Saved entries:
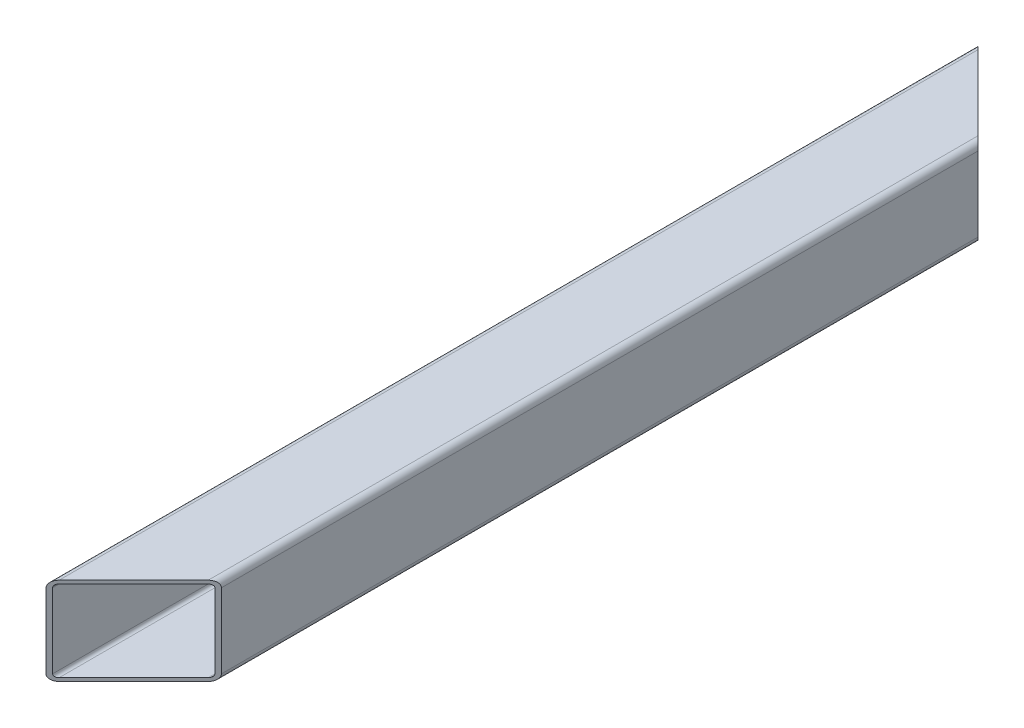
from build123d import *

# Parameters (mm, degrees)
AUFSATZ_LINEAR_AUSTRAGEN1_DEPTH = 425
SCHNITT_LINEAR_AUSTRAGEN1_DEPTH = 140


with BuildPart() as part:
    # Skizze1 → Aufsatz-Linear austragen1 (new, symmetric)
    with BuildSketch(Plane.XY):
        with BuildLine():
            Line((-34, 40), (34, 40))
            ThreePointArc((34, 40), (38.242640687, 38.242640687), (40, 34))
            Line((40, 34), (40, -34))
            ThreePointArc((40, -34), (38.242640687, -38.242640687), (34, -40))
            Line((34, -40), (-34, -40))
            ThreePointArc((-34, -40), (-38.242640687, -38.242640687), (-40, -34))
            Line((-40, -34), (-40, 34))
            ThreePointArc((-40, 34), (-38.242640687, 38.242640687), (-34, 40))
        make_face()
        with BuildLine():
            Line((-37, 34), (-37, -34))
            ThreePointArc((-37, -34), (-36.121320344, -36.121320344), (-34, -37))
            Line((-34, -37), (34, -37))
            ThreePointArc((34, -37), (36.121320344, -36.121320344), (37, -34))
            Line((37, -34), (37, 34))
            ThreePointArc((37, 34), (36.121320344, 36.121320344), (34, 37))
            Line((34, 37), (-34, 37))
            ThreePointArc((-34, 37), (-36.121320344, 36.121320344), (-37, 34))
        make_face(mode=Mode.SUBTRACT)
    extrude(amount=AUFSATZ_LINEAR_AUSTRAGEN1_DEPTH, both=True)

    # Skizze2 → Schnitt-Linear austragen1 (cut)
    with BuildSketch(Plane(origin=(0, 40, 0), x_dir=(1, 0, 0), z_dir=(0, 1, 0))):
        Polygon((-40, 425), (40, 425), (40, 345), align=None)
        Polygon((40, -345), (-40, -425), (40, -425), align=None)
    extrude(amount=-SCHNITT_LINEAR_AUSTRAGEN1_DEPTH, mode=Mode.SUBTRACT)


solid = part.part
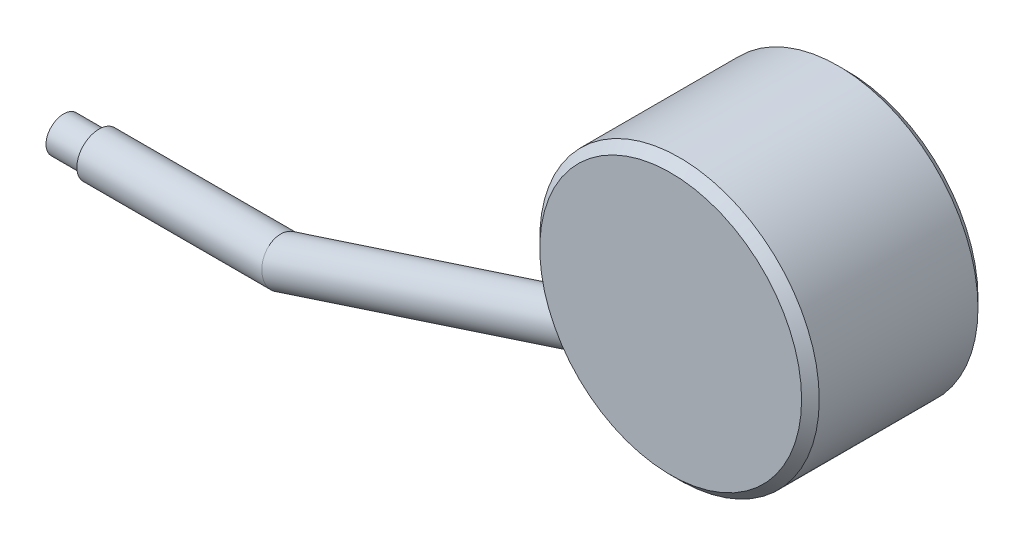
from build123d import *

# Parameters (mm, degrees)
SKETCH2_R                = 5
BOSS_EXTRUDE1_DEPTH      = 20
BOSS_EXTRUDE1_DEPTH_BACK = 20
SKETCH3_R                = 31.686663215
SKETCH4_R                = 8.078892956
SKETCH4_R_2              = 4
CUT_EXTRUDE1_DEPTH       = 8
CHAMFER1_SIZE            = 2


with BuildPart() as part:
    # Sweep1: sweep along a path in Sketch1
    with BuildLine(Plane.XY) as sweep1_path:
        Line((0, 0), (50, 0))
        Line((50, 0), (145.05509307, 31.056871726))
    # Sketch2 → Sweep1 (sweep)
    with BuildSketch(Plane(origin=(0, 0, 0), x_dir=(0, 0, -1), z_dir=(1, 0, 0))):
        Circle(SKETCH2_R)
    sweep(path=sweep1_path.line, transition=Transition.RIGHT)

    # Sketch3 → Boss-Extrude1 (add, two sides: drawn at the far end of the back side and taken through both)
    with BuildSketch(Plane.XY.offset(-BOSS_EXTRUDE1_DEPTH_BACK)):
        with Locations((157.656014811, 51.574343957)):
            Circle(SKETCH3_R)
    extrude(amount=BOSS_EXTRUDE1_DEPTH + BOSS_EXTRUDE1_DEPTH_BACK)

    # Sketch4 → Cut-Extrude1 (cut)
    with BuildSketch(Plane.ZY):
        Circle(SKETCH4_R)
        Circle(SKETCH4_R_2, mode=Mode.SUBTRACT)
    extrude(amount=-CUT_EXTRUDE1_DEPTH, mode=Mode.SUBTRACT)

    # Chamfer1
    chamfer1_edges = [part.edges().sort_by_distance(p)[0] for p in [
        (125.969351596, 51.574343957, 20),
        (125.969351596, 51.574343957, -20),
    ]]
    chamfer(chamfer1_edges, length=CHAMFER1_SIZE)


solid = part.part
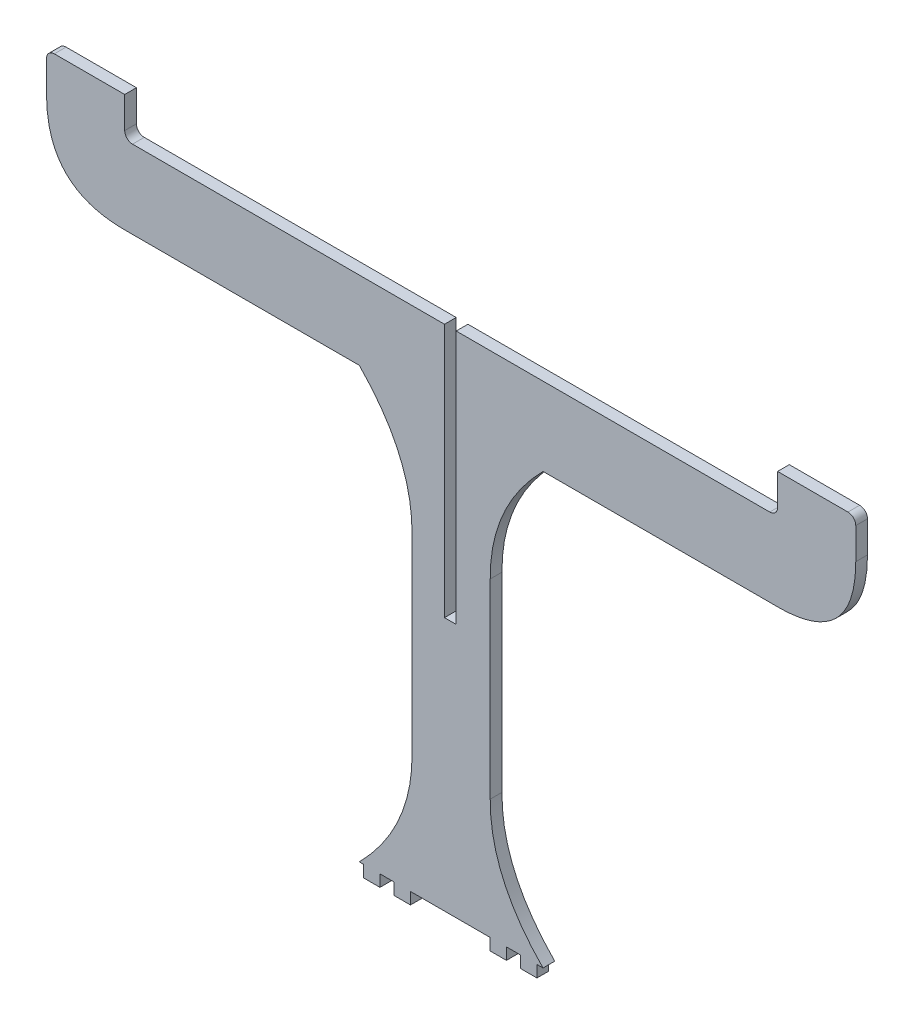
from build123d import *

# Parameters (mm, degrees)
P_IDAT_VYSUNUT_M2_DEPTH  = 3
SKICA2_W                 = 3
SKICA2_H                 = 65
ODEBRAT_VYSUNUT_M3_DEPTH = 3


with BuildPart() as part:
    # Skica1 → Přidat vysunutím2 (new body)
    with BuildSketch(Plane.XY):
        with BuildLine():
            Line((-90.642636358, 2.694256757), (-30.642636358, 2.694256757))
            add(Edge.make_bspline(
                [(-30.642636358, 2.694256757), (-17.025139471, -11.118063286), (-17.142636358, -27.878389443)],
                knots=[0, 0, 0, 1, 1, 1], degree=2))
            Line((-17.142636358, -27.878389443), (-17.142636358, -76.655981804))
            add(Edge.make_bspline(
                [(-30.642636358, -107.305743243), (-17.009316786, -93.458261678), (-17.142636358, -76.655981804)],
                knots=[0, 0, 0, 1, 1, 1], degree=2))
            Line((-30.642636358, -107.305743243), (-29.497972973, -107.305743243))
            Line((-29.497972973, -107.305743243), (-29.497972973, -110.305743243))
            Line((-29.497972973, -110.305743243), (-25.347972973, -110.305743243))
            Line((-25.347972973, -110.305743243), (-25.347972973, -107.305743243))
            Line((-25.347972973, -107.305743243), (-21.697972973, -107.305743243))
            Line((-21.697972973, -107.305743243), (-21.697972973, -110.305743243))
            Line((-21.697972973, -110.305743243), (-17.547972973, -110.305743243))
            Line((-17.547972973, -110.305743243), (-17.547972973, -107.305743243))
            Line((-17.547972973, -107.305743243), (2.852027027, -107.305743243))
            Line((2.852027027, -107.305743243), (2.852027027, -110.305743243))
            Line((2.852027027, -110.305743243), (7.002027027, -110.305743243))
            Line((7.002027027, -110.305743243), (7.002027027, -107.305743243))
            Line((7.002027027, -107.305743243), (10.652027027, -107.305743243))
            Line((10.652027027, -107.305743243), (10.652027027, -110.305743243))
            Line((10.652027027, -110.305743243), (14.802027027, -110.305743243))
            Line((14.802027027, -110.305743243), (14.802027027, -107.305743243))
            Line((14.802027027, -107.305743243), (16.357363642, -107.305743243))
            add(Edge.make_bspline(
                [(16.357363642, -107.305743243), (2.72404407, -93.458261678), (2.857363642, -76.655981804)],
                knots=[0, 0, 0, 1, 1, 1], degree=2))
            Line((2.857363642, -76.655981804), (2.857363642, -27.878389443))
            add(Edge.make_bspline(
                [(16.357363642, 2.694256757), (2.739866756, -11.118063286), (2.857363642, -27.878389443)],
                knots=[0, 0, 0, 1, 1, 1], degree=2))
            Line((16.357363642, 2.694256757), (76.357363642, 2.694256757))
            add(Edge.make_bspline(
                [(96.357363642, 22.694256757), (96.357363642, 2.694256757), (76.357363642, 2.694256757)],
                knots=[0, 0, 0, 1, 1, 1], degree=2))
            Line((96.357363642, 22.694256757), (96.357363642, 30.694256757))
            ThreePointArc((96.357363642, 30.694256757), (95.771577204, 32.108470319), (94.357363642, 32.694256757))
            Line((94.357363642, 32.694256757), (76.357363642, 32.694256757))
            Line((76.357363642, 32.694256757), (76.357363642, 24.694256757))
            ThreePointArc((76.357363642, 24.694256757), (75.771577204, 23.280043194), (74.357363642, 22.694256757))
            Line((74.357363642, 22.694256757), (-88.642636358, 22.694256757))
            ThreePointArc((-88.642636358, 22.694256757), (-90.05684992, 23.280043194), (-90.642636358, 24.694256757))
            Line((-90.642636358, 24.694256757), (-90.642636358, 32.694256757))
            Line((-90.642636358, 32.694256757), (-108.642636358, 32.694256757))
            ThreePointArc((-108.642636358, 32.694256757), (-110.05684992, 32.108470319), (-110.642636358, 30.694256757))
            Line((-110.642636358, 30.694256757), (-110.642636358, 22.694256757))
            add(Edge.make_bspline(
                [(-110.642636358, 22.694256757), (-110.642636358, 2.694256757), (-90.642636358, 2.694256757)],
                knots=[0, 0, 0, 1, 1, 1], degree=2))
        make_face()
    extrude(amount=P_IDAT_VYSUNUT_M2_DEPTH)

    # Skica2 → Odebrat vysunutím3 (cut)
    with BuildSketch(Plane(origin=(0, 0, 0), x_dir=(-1, 0, 0), z_dir=(0, 0, -1))):
        with Locations((7.347972973, -9.805743243)):
            Rectangle(SKICA2_W, SKICA2_H)
    extrude(amount=-ODEBRAT_VYSUNUT_M3_DEPTH, mode=Mode.SUBTRACT)


solid = part.part
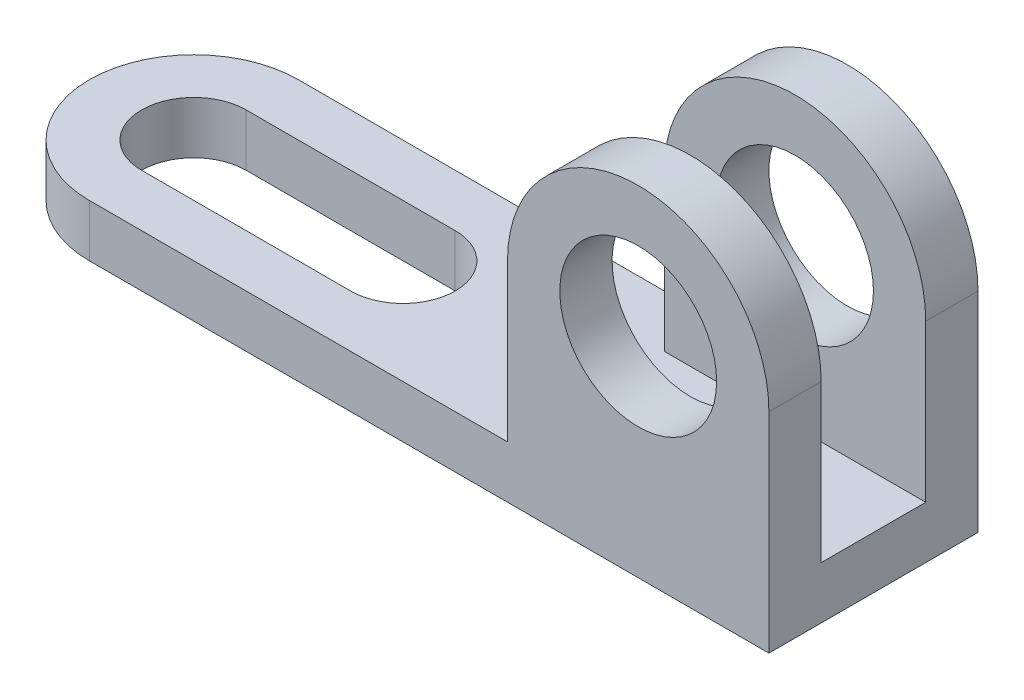
from build123d import *

# Parameters (mm, degrees)
Y_KSEKLIK_EKSTR_ZYON1_DEPTH = 10
Y_KSEKLIK_EKSTR_ZYON6_DEPTH = 40
IZIM6_R                     = 15
KES_EKSTR_ZYON1_DEPTH       = 40
IZIM7_W                     = 20
IZIM7_H                     = 55
KES_EKSTR_ZYON2_DEPTH       = 50


with BuildPart() as part:
    # Çizim1 → Yükseklik-Ekstrüzyon1 (new body)
    with BuildSketch(Plane(origin=(0, 0, 0), x_dir=(1, 0, 0), z_dir=(0, 1, 0))):
        with BuildLine():
            Line((18.624338624, 20), (-40, 20))
            ThreePointArc((-40, 20), (-60, 0), (-40, -20))
            Line((-40, -20), (26.71957672, -20))
            Line((26.71957672, -20), (52.91005291, -20))
            Line((52.91005291, -20), (90, -20))
            Line((90, -20), (90, 20))
            Line((90, 20), (52.91005291, 20))
            Line((52.91005291, 20), (18.624338624, 20))
        make_face()
        with BuildLine():
            ThreePointArc((-40, -10), (-50, 0), (-40, 10))
            Line((-40, 10), (0, 10))
            ThreePointArc((0, 10), (10, 0), (0, -10))
            Line((0, -10), (-40, -10))
        make_face(mode=Mode.SUBTRACT)
    extrude(amount=Y_KSEKLIK_EKSTR_ZYON1_DEPTH)

    # Çizim2 → Yükseklik-Ekstrüzyon6 (add)
    with BuildSketch(Plane.XY.offset(20)):
        with BuildLine():
            Line((90, 10), (40, 10))
            Line((40, 10), (40, 40))
            ThreePointArc((40, 40), (65, 65), (90, 40))
            Line((90, 40), (90, 10))
        make_face()
    extrude(amount=-Y_KSEKLIK_EKSTR_ZYON6_DEPTH)

    # Çizim6 → Kes-Ekstrüzyon1 (cut)
    with BuildSketch(Plane.XY.offset(20)):
        with Locations((65, 40)):
            Circle(IZIM6_R)
    extrude(amount=-KES_EKSTR_ZYON1_DEPTH, mode=Mode.SUBTRACT)

    # Çizim7 → Kes-Ekstrüzyon2 (cut)
    with BuildSketch(Plane(origin=(90, 0, 0), x_dir=(0, 0, -1), z_dir=(1, 0, 0))):
        with Locations((0, 37.5)):
            Rectangle(IZIM7_W, IZIM7_H)
    extrude(amount=-KES_EKSTR_ZYON2_DEPTH, mode=Mode.SUBTRACT)


solid = part.part

Assignment:
Reproduce the records above from their first line to the line bearing "extrude(amount=AUFSATZ_LINEAR_AUSTRAGEN1_DEPTH, both=True)", both ends included, leaving every picture out.

Response to the exercise:
from build123d import *

# Parameters (mm, degrees)
AUFSATZ_LINEAR_AUSTRAGEN1_DEPTH = 425
SCHNITT_LINEAR_AUSTRAGEN1_DEPTH = 140


with BuildPart() as part:
    # Skizze1 → Aufsatz-Linear austragen1 (new, symmetric)
    with BuildSketch(Plane.XY):
        with BuildLine():
            Line((-34, 40), (34, 40))
            ThreePointArc((34, 40), (38.242640687, 38.242640687), (40, 34))
            Line((40, 34), (40, -34))
            ThreePointArc((40, -34), (38.242640687, -38.242640687), (34, -40))
            Line((34, -40), (-34, -40))
            ThreePointArc((-34, -40), (-38.242640687, -38.242640687), (-40, -34))
            Line((-40, -34), (-40, 34))
            ThreePointArc((-40, 34), (-38.242640687, 38.242640687), (-34, 40))
        make_face()
        with BuildLine():
            Line((-37, 34), (-37, -34))
            ThreePointArc((-37, -34), (-36.121320344, -36.121320344), (-34, -37))
            Line((-34, -37), (34, -37))
            ThreePointArc((34, -37), (36.121320344, -36.121320344), (37, -34))
            Line((37, -34), (37, 34))
            ThreePointArc((37, 34), (36.121320344, 36.121320344), (34, 37))
            Line((34, 37), (-34, 37))
            ThreePointArc((-34, 37), (-36.121320344, 36.121320344), (-37, 34))
        make_face(mode=Mode.SUBTRACT)
    extrude(amount=AUFSATZ_LINEAR_AUSTRAGEN1_DEPTH, both=True)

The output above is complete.